Dataset entries:
= = = = =
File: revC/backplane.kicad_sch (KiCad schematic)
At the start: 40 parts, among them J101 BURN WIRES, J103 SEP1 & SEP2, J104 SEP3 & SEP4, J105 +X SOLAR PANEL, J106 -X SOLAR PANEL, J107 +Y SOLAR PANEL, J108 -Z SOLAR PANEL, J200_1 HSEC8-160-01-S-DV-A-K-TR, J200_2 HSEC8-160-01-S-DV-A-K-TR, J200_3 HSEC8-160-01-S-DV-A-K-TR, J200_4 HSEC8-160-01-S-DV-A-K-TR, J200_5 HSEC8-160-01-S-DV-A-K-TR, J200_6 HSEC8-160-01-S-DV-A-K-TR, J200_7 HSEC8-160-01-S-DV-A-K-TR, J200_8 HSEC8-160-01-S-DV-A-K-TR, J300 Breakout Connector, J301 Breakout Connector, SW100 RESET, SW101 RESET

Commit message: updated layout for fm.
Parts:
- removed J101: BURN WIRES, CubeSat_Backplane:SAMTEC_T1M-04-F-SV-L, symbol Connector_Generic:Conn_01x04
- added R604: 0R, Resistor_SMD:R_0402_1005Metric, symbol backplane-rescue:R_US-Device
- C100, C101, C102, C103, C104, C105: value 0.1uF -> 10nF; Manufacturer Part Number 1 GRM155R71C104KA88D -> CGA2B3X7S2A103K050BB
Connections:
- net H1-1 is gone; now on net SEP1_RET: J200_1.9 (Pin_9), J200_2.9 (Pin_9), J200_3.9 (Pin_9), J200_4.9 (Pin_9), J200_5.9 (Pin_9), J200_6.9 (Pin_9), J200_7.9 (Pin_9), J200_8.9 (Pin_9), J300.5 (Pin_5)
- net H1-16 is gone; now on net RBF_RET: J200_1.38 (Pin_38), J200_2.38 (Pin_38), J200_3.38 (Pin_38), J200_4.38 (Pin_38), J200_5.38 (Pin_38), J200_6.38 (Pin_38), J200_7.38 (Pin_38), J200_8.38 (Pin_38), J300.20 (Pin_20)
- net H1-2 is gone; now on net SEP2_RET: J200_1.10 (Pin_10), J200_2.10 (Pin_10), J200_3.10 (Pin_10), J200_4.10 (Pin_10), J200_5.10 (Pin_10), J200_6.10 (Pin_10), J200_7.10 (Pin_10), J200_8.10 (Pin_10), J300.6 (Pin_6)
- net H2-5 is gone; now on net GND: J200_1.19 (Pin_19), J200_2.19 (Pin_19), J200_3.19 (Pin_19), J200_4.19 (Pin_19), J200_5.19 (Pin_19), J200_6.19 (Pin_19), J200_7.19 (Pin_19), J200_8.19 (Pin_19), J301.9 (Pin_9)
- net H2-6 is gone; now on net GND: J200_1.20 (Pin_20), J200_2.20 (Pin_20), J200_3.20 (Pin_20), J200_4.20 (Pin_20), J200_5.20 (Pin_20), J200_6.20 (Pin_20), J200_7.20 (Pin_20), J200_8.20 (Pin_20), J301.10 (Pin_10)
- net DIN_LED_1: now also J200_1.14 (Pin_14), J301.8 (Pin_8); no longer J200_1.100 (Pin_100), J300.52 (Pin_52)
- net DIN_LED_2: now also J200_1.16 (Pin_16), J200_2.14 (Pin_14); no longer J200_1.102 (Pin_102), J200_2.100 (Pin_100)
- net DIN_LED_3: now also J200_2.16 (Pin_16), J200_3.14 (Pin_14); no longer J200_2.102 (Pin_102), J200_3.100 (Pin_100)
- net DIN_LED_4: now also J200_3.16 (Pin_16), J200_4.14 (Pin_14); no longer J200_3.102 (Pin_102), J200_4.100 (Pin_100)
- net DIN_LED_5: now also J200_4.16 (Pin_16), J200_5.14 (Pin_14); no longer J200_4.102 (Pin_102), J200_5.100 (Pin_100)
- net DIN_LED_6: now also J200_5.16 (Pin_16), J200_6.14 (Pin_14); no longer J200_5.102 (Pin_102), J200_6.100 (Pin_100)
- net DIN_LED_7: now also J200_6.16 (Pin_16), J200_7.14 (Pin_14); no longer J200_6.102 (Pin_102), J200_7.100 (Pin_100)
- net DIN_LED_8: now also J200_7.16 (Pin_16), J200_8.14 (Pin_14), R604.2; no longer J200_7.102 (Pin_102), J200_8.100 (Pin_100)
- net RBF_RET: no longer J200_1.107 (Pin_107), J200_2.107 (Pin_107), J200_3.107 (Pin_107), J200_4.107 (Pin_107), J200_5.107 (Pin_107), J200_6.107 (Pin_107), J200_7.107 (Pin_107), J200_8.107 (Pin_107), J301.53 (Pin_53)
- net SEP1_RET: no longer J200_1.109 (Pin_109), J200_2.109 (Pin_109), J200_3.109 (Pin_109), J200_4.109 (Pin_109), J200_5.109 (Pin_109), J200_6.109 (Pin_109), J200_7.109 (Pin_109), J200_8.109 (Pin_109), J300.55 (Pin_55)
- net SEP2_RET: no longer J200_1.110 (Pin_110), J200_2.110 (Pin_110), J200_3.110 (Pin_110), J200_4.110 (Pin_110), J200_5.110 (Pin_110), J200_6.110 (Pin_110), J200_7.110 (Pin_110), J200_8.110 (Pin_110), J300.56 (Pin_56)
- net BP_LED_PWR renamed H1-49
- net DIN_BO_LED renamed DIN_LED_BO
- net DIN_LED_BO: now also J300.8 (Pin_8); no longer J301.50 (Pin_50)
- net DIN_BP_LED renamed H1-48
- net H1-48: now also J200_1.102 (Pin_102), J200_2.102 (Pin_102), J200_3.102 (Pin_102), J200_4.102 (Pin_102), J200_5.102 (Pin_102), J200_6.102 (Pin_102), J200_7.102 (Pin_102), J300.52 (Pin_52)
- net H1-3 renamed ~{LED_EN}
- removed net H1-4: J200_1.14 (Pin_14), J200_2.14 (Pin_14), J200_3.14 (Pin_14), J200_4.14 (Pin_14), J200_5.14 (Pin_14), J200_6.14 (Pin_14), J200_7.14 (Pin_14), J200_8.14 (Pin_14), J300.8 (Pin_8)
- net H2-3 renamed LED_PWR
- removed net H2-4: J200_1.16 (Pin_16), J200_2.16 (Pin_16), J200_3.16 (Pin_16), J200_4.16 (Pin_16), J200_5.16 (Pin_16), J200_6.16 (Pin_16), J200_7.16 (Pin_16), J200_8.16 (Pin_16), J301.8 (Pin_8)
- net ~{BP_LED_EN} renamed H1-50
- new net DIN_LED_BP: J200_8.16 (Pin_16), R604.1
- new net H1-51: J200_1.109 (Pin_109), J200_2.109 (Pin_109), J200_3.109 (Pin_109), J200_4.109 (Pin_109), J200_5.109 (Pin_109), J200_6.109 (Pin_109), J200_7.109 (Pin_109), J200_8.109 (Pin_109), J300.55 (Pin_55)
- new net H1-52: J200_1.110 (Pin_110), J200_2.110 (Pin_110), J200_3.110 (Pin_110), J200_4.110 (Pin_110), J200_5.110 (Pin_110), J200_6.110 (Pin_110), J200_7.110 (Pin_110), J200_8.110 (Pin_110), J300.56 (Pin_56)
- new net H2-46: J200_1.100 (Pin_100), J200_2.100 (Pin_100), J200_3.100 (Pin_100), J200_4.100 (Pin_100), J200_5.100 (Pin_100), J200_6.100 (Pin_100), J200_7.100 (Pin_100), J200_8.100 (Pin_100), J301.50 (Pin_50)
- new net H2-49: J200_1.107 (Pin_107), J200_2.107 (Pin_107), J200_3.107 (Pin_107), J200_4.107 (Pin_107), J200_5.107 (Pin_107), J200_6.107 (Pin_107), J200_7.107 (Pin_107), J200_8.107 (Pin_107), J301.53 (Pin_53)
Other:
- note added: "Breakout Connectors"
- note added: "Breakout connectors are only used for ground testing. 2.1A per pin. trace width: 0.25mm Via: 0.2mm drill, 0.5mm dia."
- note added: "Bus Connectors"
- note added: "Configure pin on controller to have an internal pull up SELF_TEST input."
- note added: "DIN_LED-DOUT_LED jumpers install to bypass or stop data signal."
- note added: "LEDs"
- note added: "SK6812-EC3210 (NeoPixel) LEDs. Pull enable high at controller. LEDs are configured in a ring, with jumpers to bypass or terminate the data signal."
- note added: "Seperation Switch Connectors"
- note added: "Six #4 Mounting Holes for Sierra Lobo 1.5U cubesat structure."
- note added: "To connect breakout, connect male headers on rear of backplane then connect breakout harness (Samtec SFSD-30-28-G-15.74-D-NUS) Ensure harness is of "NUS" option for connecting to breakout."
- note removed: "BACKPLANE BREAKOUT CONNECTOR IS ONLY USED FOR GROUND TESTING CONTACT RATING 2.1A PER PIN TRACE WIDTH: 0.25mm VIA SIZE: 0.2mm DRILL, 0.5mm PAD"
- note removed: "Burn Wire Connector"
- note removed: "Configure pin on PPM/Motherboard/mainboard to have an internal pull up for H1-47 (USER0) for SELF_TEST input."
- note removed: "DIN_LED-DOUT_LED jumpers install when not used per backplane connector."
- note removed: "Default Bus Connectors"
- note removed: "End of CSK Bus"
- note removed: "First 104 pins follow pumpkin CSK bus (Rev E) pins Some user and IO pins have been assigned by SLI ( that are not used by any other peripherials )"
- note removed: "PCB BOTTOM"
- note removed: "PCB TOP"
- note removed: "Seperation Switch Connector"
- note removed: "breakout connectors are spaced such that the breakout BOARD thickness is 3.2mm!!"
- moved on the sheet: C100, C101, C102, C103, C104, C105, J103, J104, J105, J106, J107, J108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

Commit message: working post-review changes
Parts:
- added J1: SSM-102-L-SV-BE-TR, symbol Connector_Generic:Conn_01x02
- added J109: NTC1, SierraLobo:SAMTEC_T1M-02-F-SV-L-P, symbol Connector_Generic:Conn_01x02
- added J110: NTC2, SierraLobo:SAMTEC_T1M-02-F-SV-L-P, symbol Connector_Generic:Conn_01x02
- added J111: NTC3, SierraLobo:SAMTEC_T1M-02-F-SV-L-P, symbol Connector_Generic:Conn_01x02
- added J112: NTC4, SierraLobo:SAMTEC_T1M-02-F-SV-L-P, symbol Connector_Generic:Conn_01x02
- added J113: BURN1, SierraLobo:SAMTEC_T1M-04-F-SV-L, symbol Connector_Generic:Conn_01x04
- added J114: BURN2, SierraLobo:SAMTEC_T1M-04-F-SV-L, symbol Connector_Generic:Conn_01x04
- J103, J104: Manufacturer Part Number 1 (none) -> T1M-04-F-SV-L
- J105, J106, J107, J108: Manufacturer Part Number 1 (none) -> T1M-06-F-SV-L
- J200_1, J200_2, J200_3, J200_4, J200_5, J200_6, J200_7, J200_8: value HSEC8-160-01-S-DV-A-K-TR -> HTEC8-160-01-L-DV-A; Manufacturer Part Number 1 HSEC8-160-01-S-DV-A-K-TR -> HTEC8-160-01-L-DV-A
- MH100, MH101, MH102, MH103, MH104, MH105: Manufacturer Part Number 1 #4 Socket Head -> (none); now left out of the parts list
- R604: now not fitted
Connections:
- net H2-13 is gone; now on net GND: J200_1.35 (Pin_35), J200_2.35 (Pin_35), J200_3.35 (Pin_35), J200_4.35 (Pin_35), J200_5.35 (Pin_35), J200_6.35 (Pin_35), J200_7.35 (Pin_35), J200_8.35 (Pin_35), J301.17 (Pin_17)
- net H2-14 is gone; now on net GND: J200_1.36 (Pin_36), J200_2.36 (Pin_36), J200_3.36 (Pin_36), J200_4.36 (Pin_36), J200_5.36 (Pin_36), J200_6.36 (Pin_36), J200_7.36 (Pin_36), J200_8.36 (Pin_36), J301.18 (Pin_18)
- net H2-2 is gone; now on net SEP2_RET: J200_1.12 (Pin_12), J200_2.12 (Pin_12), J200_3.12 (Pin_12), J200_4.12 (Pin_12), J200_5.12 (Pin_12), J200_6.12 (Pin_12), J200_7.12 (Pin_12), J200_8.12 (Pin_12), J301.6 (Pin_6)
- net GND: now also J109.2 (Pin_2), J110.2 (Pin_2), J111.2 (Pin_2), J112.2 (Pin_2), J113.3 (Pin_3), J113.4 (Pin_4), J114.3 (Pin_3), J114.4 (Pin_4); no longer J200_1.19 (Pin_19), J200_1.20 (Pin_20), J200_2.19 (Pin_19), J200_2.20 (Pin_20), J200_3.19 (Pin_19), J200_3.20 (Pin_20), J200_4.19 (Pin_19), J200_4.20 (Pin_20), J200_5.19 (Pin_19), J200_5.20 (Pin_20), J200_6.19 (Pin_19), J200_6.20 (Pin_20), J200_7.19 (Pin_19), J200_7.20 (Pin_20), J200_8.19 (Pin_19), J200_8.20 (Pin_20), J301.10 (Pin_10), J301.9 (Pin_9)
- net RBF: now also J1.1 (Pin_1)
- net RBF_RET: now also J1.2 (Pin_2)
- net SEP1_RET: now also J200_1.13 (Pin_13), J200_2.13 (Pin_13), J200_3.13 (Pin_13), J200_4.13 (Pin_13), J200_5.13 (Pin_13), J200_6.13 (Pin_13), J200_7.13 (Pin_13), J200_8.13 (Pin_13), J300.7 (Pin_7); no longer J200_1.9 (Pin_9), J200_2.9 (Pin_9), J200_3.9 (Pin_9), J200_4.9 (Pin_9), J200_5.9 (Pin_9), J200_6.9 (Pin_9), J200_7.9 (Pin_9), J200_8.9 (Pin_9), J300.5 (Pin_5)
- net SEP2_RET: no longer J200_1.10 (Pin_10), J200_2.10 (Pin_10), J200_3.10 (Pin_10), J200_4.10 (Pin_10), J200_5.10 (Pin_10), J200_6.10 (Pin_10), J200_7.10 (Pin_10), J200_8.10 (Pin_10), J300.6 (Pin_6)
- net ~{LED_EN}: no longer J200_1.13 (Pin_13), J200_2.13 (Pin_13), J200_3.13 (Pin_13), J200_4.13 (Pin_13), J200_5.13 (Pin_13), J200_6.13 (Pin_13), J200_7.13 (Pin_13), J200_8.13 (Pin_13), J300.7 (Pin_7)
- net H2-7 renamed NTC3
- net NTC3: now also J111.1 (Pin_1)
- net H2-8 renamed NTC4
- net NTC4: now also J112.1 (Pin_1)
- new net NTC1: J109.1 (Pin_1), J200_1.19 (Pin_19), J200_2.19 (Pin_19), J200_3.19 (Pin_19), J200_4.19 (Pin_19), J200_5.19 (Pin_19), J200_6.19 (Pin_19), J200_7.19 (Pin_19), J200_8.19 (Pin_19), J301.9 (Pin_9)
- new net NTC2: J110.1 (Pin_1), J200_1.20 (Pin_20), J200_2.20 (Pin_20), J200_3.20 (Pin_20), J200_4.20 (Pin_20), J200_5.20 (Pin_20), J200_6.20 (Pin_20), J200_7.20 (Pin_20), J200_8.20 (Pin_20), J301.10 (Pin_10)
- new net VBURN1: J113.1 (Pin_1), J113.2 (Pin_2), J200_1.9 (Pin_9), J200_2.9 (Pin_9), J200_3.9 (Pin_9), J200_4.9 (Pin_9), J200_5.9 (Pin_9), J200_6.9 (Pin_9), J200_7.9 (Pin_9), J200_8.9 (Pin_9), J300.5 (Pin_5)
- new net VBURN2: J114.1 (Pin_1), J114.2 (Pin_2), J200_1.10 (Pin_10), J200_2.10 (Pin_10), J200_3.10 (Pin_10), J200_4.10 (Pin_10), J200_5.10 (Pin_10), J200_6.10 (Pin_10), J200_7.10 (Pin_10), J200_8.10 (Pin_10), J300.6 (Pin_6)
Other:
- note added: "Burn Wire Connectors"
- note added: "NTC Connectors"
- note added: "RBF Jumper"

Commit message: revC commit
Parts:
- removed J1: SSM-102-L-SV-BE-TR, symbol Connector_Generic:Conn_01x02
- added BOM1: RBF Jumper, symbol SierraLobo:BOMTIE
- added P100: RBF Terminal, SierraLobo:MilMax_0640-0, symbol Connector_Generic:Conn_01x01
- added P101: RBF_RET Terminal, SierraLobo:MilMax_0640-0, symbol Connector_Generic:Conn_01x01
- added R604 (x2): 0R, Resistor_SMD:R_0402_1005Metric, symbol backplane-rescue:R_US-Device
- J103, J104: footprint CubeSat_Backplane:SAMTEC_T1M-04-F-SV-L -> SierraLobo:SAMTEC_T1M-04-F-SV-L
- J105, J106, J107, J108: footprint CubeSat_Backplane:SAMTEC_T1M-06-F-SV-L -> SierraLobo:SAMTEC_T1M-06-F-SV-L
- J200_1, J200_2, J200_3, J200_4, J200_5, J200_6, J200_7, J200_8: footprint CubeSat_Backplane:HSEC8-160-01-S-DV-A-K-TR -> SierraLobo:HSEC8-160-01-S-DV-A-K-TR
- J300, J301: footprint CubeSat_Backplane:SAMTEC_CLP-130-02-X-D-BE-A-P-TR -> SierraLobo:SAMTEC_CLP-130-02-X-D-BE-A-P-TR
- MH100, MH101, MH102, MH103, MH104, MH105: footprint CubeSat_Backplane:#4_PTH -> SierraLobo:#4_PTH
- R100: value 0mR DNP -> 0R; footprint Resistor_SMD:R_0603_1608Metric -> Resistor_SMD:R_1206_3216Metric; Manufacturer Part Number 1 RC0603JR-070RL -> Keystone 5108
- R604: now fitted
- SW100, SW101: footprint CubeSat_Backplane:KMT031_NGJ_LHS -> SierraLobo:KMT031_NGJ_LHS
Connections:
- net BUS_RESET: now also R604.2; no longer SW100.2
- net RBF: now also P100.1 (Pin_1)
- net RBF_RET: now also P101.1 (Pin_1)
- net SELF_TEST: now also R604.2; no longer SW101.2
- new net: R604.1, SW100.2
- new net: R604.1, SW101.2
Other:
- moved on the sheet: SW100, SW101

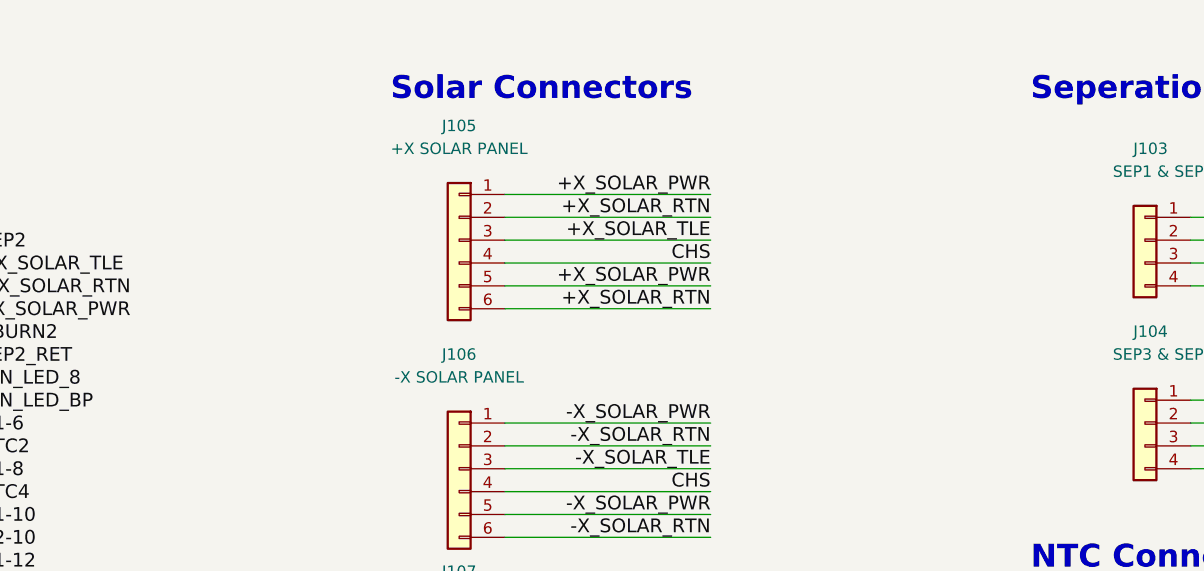
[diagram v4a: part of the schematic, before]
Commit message: added some datasheets
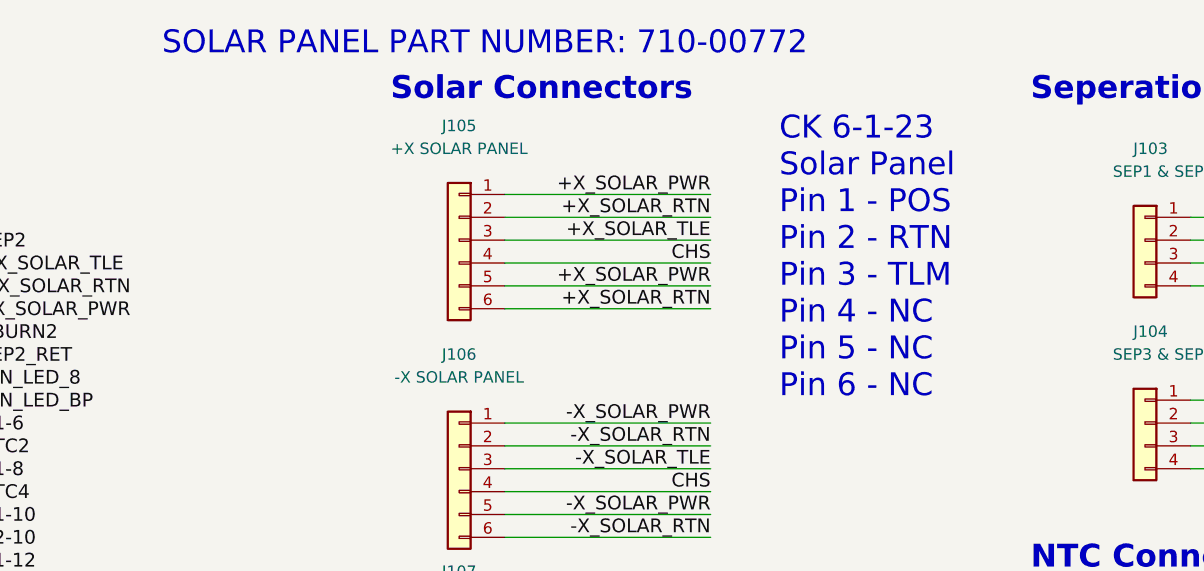
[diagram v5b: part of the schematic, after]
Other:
- note added: "CK 6-1-23 Solar Panel Pin 1 - POS Pin 2 - RTN Pin 3 - TLM Pin 4 - NC Pin 5 - NC Pin 6 - NC"
- note added: "SOLAR PANEL PART NUMBER: 710-00772"
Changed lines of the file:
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@@
     (effects (font (size 1.27 1.27)) (justify left bottom))
+  )
+  (text "SOLAR PANEL PART NUMBER: 710-00772" (at 266.7 17.78 0)
+    (effects (font (size 2.54 2.54)) (justify left bottom))
   )
   (text "Burn Wire Connectors" (at 454.66 22.86 0)
@@
     (effects (font (size 2.54 2.54)) (justify left bottom))
   )
+  (text "CK 6-1-23\nSolar Panel \nPin 1 - POS\nPin 2 - RTN\nPin 3 - TLM\nPin 4 - NC\nPin 5 - NC\nPin 6 - NC"
+    (at 335.28 55.88 0)
+    (effects (font (size 2.54 2.54)) (justify left bottom))
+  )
= = = = =
### TASK STATEMENT:
Print the records verbatim, stopping after the "- net H1-1 is" line.

### ANSWER TO THIS PROBLEM:
File: revC/backplane.kicad_sch (KiCad schematic)
At the start: 40 parts, among them J101 BURN WIRES, J103 SEP1 & SEP2, J104 SEP3 & SEP4, J105 +X SOLAR PANEL, J106 -X SOLAR PANEL, J107 +Y SOLAR PANEL, J108 -Z SOLAR PANEL, J200_1 HSEC8-160-01-S-DV-A-K-TR, J200_2 HSEC8-160-01-S-DV-A-K-TR, J200_3 HSEC8-160-01-S-DV-A-K-TR, J200_4 HSEC8-160-01-S-DV-A-K-TR, J200_5 HSEC8-160-01-S-DV-A-K-TR, J200_6 HSEC8-160-01-S-DV-A-K-TR, J200_7 HSEC8-160-01-S-DV-A-K-TR, J200_8 HSEC8-160-01-S-DV-A-K-TR, J300 Breakout Connector, J301 Breakout Connector, SW100 RESET, SW101 RESET

Commit message: updated layout for fm.
Parts:
- removed J101: BURN WIRES, CubeSat_Backplane:SAMTEC_T1M-04-F-SV-L, symbol Connector_Generic:Conn_01x04
- added R604: 0R, Resistor_SMD:R_0402_1005Metric, symbol backplane-rescue:R_US-Device
- C100, C101, C102, C103, C104, C105: value 0.1uF -> 10nF; Manufacturer Part Number 1 GRM155R71C104KA88D -> CGA2B3X7S2A103K050BB
Connections:
- net H1-1 is gone; now on net SEP1_RET: J200_1.9 (Pin_9), J200_2.9 (Pin_9), J200_3.9 (Pin_9), J200_4.9 (Pin_9), J200_5.9 (Pin_9), J200_6.9 (Pin_9), J200_7.9 (Pin_9), J200_8.9 (Pin_9), J300.5 (Pin_5)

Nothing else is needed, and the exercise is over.